> [Work instruction]:
The answer must consist of every line from the entries below that contains the word "None".

--- Records for this task ---

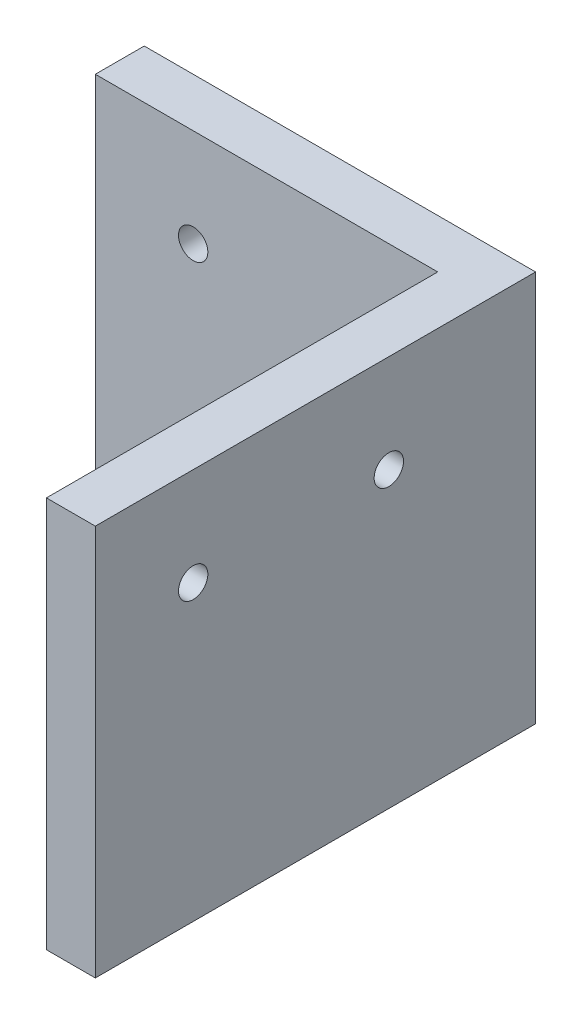
from build123d import *

# Parameters (mm, degrees)
BOSS_EXTRUDE1_DEPTH  = 597.1
SKETCH2_W            = 65.2
SKETCH2_H            = 400
CUT_EXTRUDE1_DEPTH   = 800.095369778
BOSS_EXTRUDE2_DEPTH  = 8
SKETCH4_W            = 525
SKETCH4_H            = 597.1
BOSS_EXTRUDE3_DEPTH  = 7
SKETCH5_W            = 365
SKETCH5_H            = 597.1
CUT_EXTRUDE2_DEPTH   = 10
CUT_EXTRUDE3_REACH   = 802.736
SKETCH6_R            = 2.125
SKETCH7_W            = 20
SKETCH7_H            = 597.1
CUT_EXTRUDE4_DEPTH   = 5
SKETCH8_W            = 55.055493435
SKETCH8_H            = 20
CUT_EXTRUDE6_DEPTH   = 60
BOSS_EXTRUDE4_REACH  = 799.121
SKETCH13_W           = 40
SKETCH13_H           = 15
SKETCH14_W           = 20
SKETCH14_H           = 597.1
CUT_EXTRUDE7_DEPTH   = 5
CUT_EXTRUDE8_REACH   = 802.736
SKETCH15_R           = 1.33
SKETCH16_W           = 35
SKETCH16_H           = 15
CUT_EXTRUDE9_DEPTH   = 60
SKETCH17_W           = 60
SKETCH17_H           = 150
CUT_EXTRUDE10_DEPTH  = 40
SKETCH18_W           = 12
SKETCH18_H           = 16
CUT_EXTRUDE11_DEPTH  = 800.298073312
SKETCH19_W           = 8
SKETCH19_H           = 7
CUT_EXTRUDE12_DEPTH  = 10
CUT_EXTRUDE13_REACH  = 802.736
SKETCH20_R           = 2.75986214
SKETCH20_R_2         = 2.757960919
SKETCH20_R_3         = 2.776094021
SKETCH20_R_4         = 2.751394876
CUT_EXTRUDE14_REACH  = 802.736
SKETCH21_R           = 1.643359813
SKETCH21_R_2         = 1.638913006
SKETCH21_R_3         = 1.644479807
SKETCH21_R_4         = 1.70596398
SKETCH21_R_5         = 1.645380558
SKETCH21_R_6         = 1.646601879
SKETCH21_R_7         = 1.661334202
SKETCH21_R_8         = 1.701244733
CUT_EXTRUDE15_REACH  = 752.719
SKETCH22_W           = 15
SKETCH22_H           = 20
CUT_EXTRUDE16_REACH  = 802.736
SKETCH24_R           = 1.5
SKETCH27_W           = 35
SKETCH27_H           = 15
CUT_EXTRUDE17_DEPTH  = 60
CUT_EXTRUDE18_START  = -60
SKETCH28_W           = 35
SKETCH28_H           = 15
SKETCH28_R           = 1.5
CUT_EXTRUDE18_DEPTH  = 60
SKETCH29_W           = 60
SKETCH29_H           = 150
CUT_EXTRUDE19_DEPTH  = 40
CUT_EXTRUDE20_REACH  = 802.736
SKETCH33_R           = 2.5
SKETCH37_W           = 55
SKETCH37_H           = 20
CUT_EXTRUDE21_DEPTH  = 60
SKETCH39_W           = 5
SKETCH39_H           = 40
BOSS_EXTRUDE6_DEPTH  = 40
SKETCH41_R           = 1.5
CUT_EXTRUDE22_DEPTH  = 799.501603004
SKETCH42_W           = 35
SKETCH42_H           = 15
BOSS_EXTRUDE7_DEPTH  = 60
SKETCH43_W           = 41.147889502
SKETCH43_H           = 41.618954825
SKETCH43_W_2         = 42.4363484
SKETCH43_H_2         = 40
BOSS_EXTRUDE8_DEPTH  = 20
SKETCH44_W           = 49.636924656
SKETCH44_H           = 46.225017069
SKETCH44_W_2         = 46.873520021
BOSS_EXTRUDE9_DEPTH  = 20
SKETCH45_W           = 35
SKETCH45_H           = 15
BOSS_EXTRUDE10_DEPTH = 60
SKETCH46_W           = 5
SKETCH46_H           = 40
BOSS_EXTRUDE11_DEPTH = 40
SKETCH47_R           = 1.5
CUT_EXTRUDE23_DEPTH  = 826.351325194
FILLET1_R            = 5
FILLET2_R            = 5
SKETCH51_W           = 40
SKETCH51_H           = 40
BOSS_EXTRUDE12_DEPTH = 5
SKETCH52_R           = 3
CUT_EXTRUDE26_DEPTH  = 831.93526222
SKETCH53_R           = 3.280439698
BOSS_EXTRUDE13_DEPTH = 570
CUT_EXTRUDE27_START  = -40
SKETCH54_R           = 3.280439698
CUT_EXTRUDE27_DEPTH  = 40
SKETCH55_W           = 485
SKETCH55_H           = 14.478767201
CUT_EXTRUDE28_DEPTH  = 40
SKETCH57_W           = 723.186896727
SKETCH57_H           = 160.707941424
CUT_EXTRUDE30_DEPTH  = 828.51338962
SKETCH58_R           = 4.695658324
SKETCH58_R_2         = 1.5
SKETCH58_R_3         = 4.862906044
BOSS_EXTRUDE14_DEPTH = 5
SKETCH59_R           = 3.5
CUT_EXTRUDE31_DEPTH  = 1.5


with BuildPart() as part:
    # Sketch1 → Boss-Extrude1 (new body)
    with BuildSketch(Plane.XY):
        Polygon((0, 95), (0, 0), (237.916666667, 0), (262.5, 0), (262.5, 15), (80, 15), (80, 80), (70, 80), (70, 75), (50, 75), (50, 80), (40, 80), (40, 75), (20, 75), (20, 95), align=None)
        Polygon((262.5, 15), (262.5, 0), (287.083333333, 0), (525, 0), (525, 95), (505, 95), (505, 75), (485, 75), (485, 80), (475, 80), (475, 75), (455, 75), (455, 80), (445, 80), (445, 15), align=None)
    extrude(amount=BOSS_EXTRUDE1_DEPTH)

    # Sketch2 → Cut-Extrude1 (cut, through all)
    with BuildSketch(Plane(origin=(0, 15, 0), x_dir=(1, 0, 0), z_dir=(0, 1, 0))):
        with Locations((219.9, -200)):
            Rectangle(SKETCH2_W, SKETCH2_H)
        with Locations((305.1, -397.1)):
            Rectangle(SKETCH2_W, SKETCH2_H)
    extrude(amount=-CUT_EXTRUDE1_DEPTH, mode=Mode.SUBTRACT)

    # Sketch3 → Boss-Extrude2 (add)
    with BuildSketch(Plane(origin=(0, 15, 0), x_dir=(1, 0, 0), z_dir=(0, 1, 0))):
        Polygon((252.5, -400), (187.3, -400), (187.3, 0), (80, 0), (80, -597.1), (272.5, -597.1), (272.5, -197.1), (337.7, -197.1), (337.7, -597.1), (445, -597.1), (445, 0), (252.5, 0), align=None)
    extrude(amount=BOSS_EXTRUDE2_DEPTH)

    # Sketch4 → Boss-Extrude3 (add)
    with BuildSketch(Plane.XZ):
        with Locations((262.5, 298.55)):
            Rectangle(SKETCH4_W, SKETCH4_H)
    extrude(amount=BOSS_EXTRUDE3_DEPTH)

    # Sketch5 → Cut-Extrude2 (cut)
    with BuildSketch(Plane(origin=(0, 23, 0), x_dir=(1, 0, 0), z_dir=(0, 1, 0))):
        with Locations((262.5, -298.55)):
            Rectangle(SKETCH5_W, SKETCH5_H)
    extrude(amount=-CUT_EXTRUDE2_DEPTH, mode=Mode.SUBTRACT)

    # Sketch6 → Cut-Extrude3 (cut, up to next)
    with BuildSketch(Plane(origin=(525, 0, 0), x_dir=(0, 0, -1), z_dir=(1, 0, 0)), mode=Mode.PRIVATE) as cut_extrude3_sk1:
        with Locations((-318.55, 79)):
            Circle(SKETCH6_R)
    cut_extrude3_tool1 = extrude(cut_extrude3_sk1.sketch, amount=-CUT_EXTRUDE3_REACH, mode=Mode.PRIVATE) & part.part
    # Sketch6 → Cut-Extrude3 (cut, up to next)
    with BuildSketch(Plane(origin=(525, 0, 0), x_dir=(0, 0, -1), z_dir=(1, 0, 0)), mode=Mode.PRIVATE) as cut_extrude3_sk2:
        with Locations((-318.55, 63)):
            Circle(SKETCH6_R)
    cut_extrude3_tool2 = extrude(cut_extrude3_sk2.sketch, amount=-CUT_EXTRUDE3_REACH, mode=Mode.PRIVATE) & part.part
    # Sketch6 → Cut-Extrude3 (cut, up to next)
    with BuildSketch(Plane(origin=(525, 0, 0), x_dir=(0, 0, -1), z_dir=(1, 0, 0)), mode=Mode.PRIVATE) as cut_extrude3_sk3:
        with Locations((-278.55, 63)):
            Circle(SKETCH6_R)
    cut_extrude3_tool3 = extrude(cut_extrude3_sk3.sketch, amount=-CUT_EXTRUDE3_REACH, mode=Mode.PRIVATE) & part.part
    # Sketch6 → Cut-Extrude3 (cut, up to next)
    with BuildSketch(Plane(origin=(525, 0, 0), x_dir=(0, 0, -1), z_dir=(1, 0, 0)), mode=Mode.PRIVATE) as cut_extrude3_sk4:
        with Locations((-278.55, 79)):
            Circle(SKETCH6_R)
    cut_extrude3_tool4 = extrude(cut_extrude3_sk4.sketch, amount=-CUT_EXTRUDE3_REACH, mode=Mode.PRIVATE) & part.part
    add(cut_extrude3_tool1.solids().sort_by_distance((525, 79, 318.55))[0], mode=Mode.SUBTRACT)
    add(cut_extrude3_tool2.solids().sort_by_distance((525, 63, 318.55))[0], mode=Mode.SUBTRACT)
    add(cut_extrude3_tool3.solids().sort_by_distance((525, 63, 278.55))[0], mode=Mode.SUBTRACT)
    add(cut_extrude3_tool4.solids().sort_by_distance((525, 79, 278.55))[0], mode=Mode.SUBTRACT)

    # Sketch7 → Cut-Extrude4 (cut)
    with BuildSketch(Plane(origin=(0, 75, 0), x_dir=(1, 0, 0), z_dir=(0, 1, 0))):
        with Locations((495, -298.55)):
            Rectangle(SKETCH7_W, SKETCH7_H)
    extrude(amount=-CUT_EXTRUDE4_DEPTH, mode=Mode.SUBTRACT)

    # Sketch8 → Cut-Extrude6 (cut)
    with BuildSketch(Plane.ZY.offset(-445)):
        with Locations((297.395302375, 60)):
            Rectangle(SKETCH8_W, SKETCH8_H)
    extrude(amount=-CUT_EXTRUDE6_DEPTH, mode=Mode.SUBTRACT)

    # Sketch13 → Boss-Extrude4 (add, up to next)
    with BuildSketch(Plane(origin=(0, 50, 0), x_dir=(1, 0, 0), z_dir=(0, 1, 0)), mode=Mode.PRIVATE) as boss_extrude4_sk1:
        with Locations((465, -297.800707188)):
            Rectangle(SKETCH13_W, SKETCH13_H)
    boss_extrude4_tool1 = extrude(boss_extrude4_sk1.sketch, amount=BOSS_EXTRUDE4_REACH, mode=Mode.PRIVATE) - part.part
    add(boss_extrude4_tool1.solids().sort_by_distance((465, 50, 297.800707))[0])

    # Sketch14 → Cut-Extrude7 (cut)
    with BuildSketch(Plane(origin=(0, 75, 0), x_dir=(1, 0, 0), z_dir=(0, 1, 0))):
        with Locations((30, -298.55)):
            Rectangle(SKETCH14_W, SKETCH14_H)
    extrude(amount=-CUT_EXTRUDE7_DEPTH, mode=Mode.SUBTRACT)

    # Sketch15 → Cut-Extrude8 (cut, up to next)
    with BuildSketch(Plane.ZY, mode=Mode.PRIVATE) as cut_extrude8_sk1:
        with Locations((13.5, 82.3)):
            Circle(SKETCH15_R)
    cut_extrude8_tool1 = extrude(cut_extrude8_sk1.sketch, amount=-CUT_EXTRUDE8_REACH, mode=Mode.PRIVATE) & part.part
    # Sketch15 → Cut-Extrude8 (cut, up to next)
    with BuildSketch(Plane.ZY, mode=Mode.PRIVATE) as cut_extrude8_sk2:
        with Locations((33.5, 82.3)):
            Circle(SKETCH15_R)
    cut_extrude8_tool2 = extrude(cut_extrude8_sk2.sketch, amount=-CUT_EXTRUDE8_REACH, mode=Mode.PRIVATE) & part.part
    # Sketch15 → Cut-Extrude8 (cut, up to next)
    with BuildSketch(Plane.ZY, mode=Mode.PRIVATE) as cut_extrude8_sk3:
        with Locations((13.5, 62.3)):
            Circle(SKETCH15_R)
    cut_extrude8_tool3 = extrude(cut_extrude8_sk3.sketch, amount=-CUT_EXTRUDE8_REACH, mode=Mode.PRIVATE) & part.part
    # Sketch15 → Cut-Extrude8 (cut, up to next)
    with BuildSketch(Plane.ZY, mode=Mode.PRIVATE) as cut_extrude8_sk4:
        with Locations((33.5, 62.3)):
            Circle(SKETCH15_R)
    cut_extrude8_tool4 = extrude(cut_extrude8_sk4.sketch, amount=-CUT_EXTRUDE8_REACH, mode=Mode.PRIVATE) & part.part
    # Sketch15 → Cut-Extrude8 (cut, up to next)
    with BuildSketch(Plane.ZY, mode=Mode.PRIVATE) as cut_extrude8_sk5:
        with Locations((563.6, 82.3)):
            Circle(SKETCH15_R)
    cut_extrude8_tool5 = extrude(cut_extrude8_sk5.sketch, amount=-CUT_EXTRUDE8_REACH, mode=Mode.PRIVATE) & part.part
    # Sketch15 → Cut-Extrude8 (cut, up to next)
    with BuildSketch(Plane.ZY, mode=Mode.PRIVATE) as cut_extrude8_sk6:
        with Locations((583.6, 62.3)):
            Circle(SKETCH15_R)
    cut_extrude8_tool6 = extrude(cut_extrude8_sk6.sketch, amount=-CUT_EXTRUDE8_REACH, mode=Mode.PRIVATE) & part.part
    # Sketch15 → Cut-Extrude8 (cut, up to next)
    with BuildSketch(Plane.ZY, mode=Mode.PRIVATE) as cut_extrude8_sk7:
        with Locations((563.6, 62.3)):
            Circle(SKETCH15_R)
    cut_extrude8_tool7 = extrude(cut_extrude8_sk7.sketch, amount=-CUT_EXTRUDE8_REACH, mode=Mode.PRIVATE) & part.part
    # Sketch15 → Cut-Extrude8 (cut, up to next)
    with BuildSketch(Plane.ZY, mode=Mode.PRIVATE) as cut_extrude8_sk8:
        with Locations(Location((583.6, 82.3, 0), (0, 0, 90))):
            Circle(SKETCH15_R)
    cut_extrude8_tool8 = extrude(cut_extrude8_sk8.sketch, amount=-CUT_EXTRUDE8_REACH, mode=Mode.PRIVATE) & part.part
    add(cut_extrude8_tool1.solids().sort_by_distance((0, 82.3, 13.5))[0], mode=Mode.SUBTRACT)
    add(cut_extrude8_tool2.solids().sort_by_distance((0, 82.3, 33.5))[0], mode=Mode.SUBTRACT)
    add(cut_extrude8_tool3.solids().sort_by_distance((0, 62.3, 13.5))[0], mode=Mode.SUBTRACT)
    add(cut_extrude8_tool4.solids().sort_by_distance((0, 62.3, 33.5))[0], mode=Mode.SUBTRACT)
    add(cut_extrude8_tool5.solids().sort_by_distance((0, 82.3, 563.6))[0], mode=Mode.SUBTRACT)
    add(cut_extrude8_tool6.solids().sort_by_distance((0, 62.3, 583.6))[0], mode=Mode.SUBTRACT)
    add(cut_extrude8_tool7.solids().sort_by_distance((0, 62.3, 563.6))[0], mode=Mode.SUBTRACT)
    add(cut_extrude8_tool8.solids().sort_by_distance((0, 82.3, 583.6))[0], mode=Mode.SUBTRACT)

    # Sketch16 → Cut-Extrude9 (cut)
    with BuildSketch(Plane(origin=(80, 0, 0), x_dir=(0, 0, -1), z_dir=(1, 0, 0))):
        with Locations((-574.6, 62.5)):
            Rectangle(SKETCH16_W, SKETCH16_H)
        with Locations((-22.5, 62.5)):
            Rectangle(SKETCH16_W, SKETCH16_H)
    extrude(amount=-CUT_EXTRUDE9_DEPTH, mode=Mode.SUBTRACT)

    # Sketch17 → Cut-Extrude10 (cut)
    with BuildSketch(Plane.XZ.offset(7)):
        with Locations((495, 298.55)):
            Rectangle(SKETCH17_W, SKETCH17_H)
    extrude(amount=-CUT_EXTRUDE10_DEPTH, mode=Mode.SUBTRACT)

    # Sketch18 → Cut-Extrude11 (cut, through all)
    with BuildSketch(Plane(origin=(0, 13, 0), x_dir=(1, 0, 0), z_dir=(0, 1, 0))):
        with Locations((421, -294.05)):
            Rectangle(SKETCH18_W, SKETCH18_H)
    extrude(amount=-CUT_EXTRUDE11_DEPTH, mode=Mode.SUBTRACT)

    # Sketch19 → Cut-Extrude12 (cut)
    with BuildSketch(Plane(origin=(0, 13, 0), x_dir=(1, 0, 0), z_dir=(0, 1, 0))):
        with Locations((421, -282.55)):
            Rectangle(SKETCH19_W, SKETCH19_H)
        with Locations((421, -305.55)):
            Rectangle(SKETCH19_W, SKETCH19_H)
    extrude(amount=-CUT_EXTRUDE12_DEPTH, mode=Mode.SUBTRACT)

    # Sketch20 → Cut-Extrude13 (cut, up to next)
    with BuildSketch(Plane(origin=(525, 0, 0), x_dir=(0, 0, -1), z_dir=(1, 0, 0)), mode=Mode.PRIVATE) as cut_extrude13_sk1:
        with Locations((-318.55, 79)):
            Circle(SKETCH20_R)
    cut_extrude13_tool1 = extrude(cut_extrude13_sk1.sketch, amount=-CUT_EXTRUDE13_REACH, mode=Mode.PRIVATE) & part.part
    # Sketch20 → Cut-Extrude13 (cut, up to next)
    with BuildSketch(Plane(origin=(525, 0, 0), x_dir=(0, 0, -1), z_dir=(1, 0, 0)), mode=Mode.PRIVATE) as cut_extrude13_sk2:
        with Locations((-318.55, 63)):
            Circle(SKETCH20_R_2)
    cut_extrude13_tool2 = extrude(cut_extrude13_sk2.sketch, amount=-CUT_EXTRUDE13_REACH, mode=Mode.PRIVATE) & part.part
    # Sketch20 → Cut-Extrude13 (cut, up to next)
    with BuildSketch(Plane(origin=(525, 0, 0), x_dir=(0, 0, -1), z_dir=(1, 0, 0)), mode=Mode.PRIVATE) as cut_extrude13_sk3:
        with Locations((-278.55, 63)):
            Circle(SKETCH20_R_3)
    cut_extrude13_tool3 = extrude(cut_extrude13_sk3.sketch, amount=-CUT_EXTRUDE13_REACH, mode=Mode.PRIVATE) & part.part
    # Sketch20 → Cut-Extrude13 (cut, up to next)
    with BuildSketch(Plane(origin=(525, 0, 0), x_dir=(0, 0, -1), z_dir=(1, 0, 0)), mode=Mode.PRIVATE) as cut_extrude13_sk4:
        with Locations((-278.55, 79)):
            Circle(SKETCH20_R_4)
    cut_extrude13_tool4 = extrude(cut_extrude13_sk4.sketch, amount=-CUT_EXTRUDE13_REACH, mode=Mode.PRIVATE) & part.part
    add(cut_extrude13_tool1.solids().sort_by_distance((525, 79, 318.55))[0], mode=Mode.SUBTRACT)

---

> [Output below]:
        Polygon((0, 95), (0, 0), (237.916666667, 0), (262.5, 0), (262.5, 15), (80, 15), (80, 80), (70, 80), (70, 75), (50, 75), (50, 80), (40, 80), (40, 75), (20, 75), (20, 95), align=None)
        Polygon((262.5, 15), (262.5, 0), (287.083333333, 0), (525, 0), (525, 95), (505, 95), (505, 75), (485, 75), (485, 80), (475, 80), (475, 75), (455, 75), (455, 80), (445, 80), (445, 15), align=None)
        Polygon((252.5, -400), (187.3, -400), (187.3, 0), (80, 0), (80, -597.1), (272.5, -597.1), (272.5, -197.1), (337.7, -197.1), (337.7, -597.1), (445, -597.1), (445, 0), (252.5, 0), align=None)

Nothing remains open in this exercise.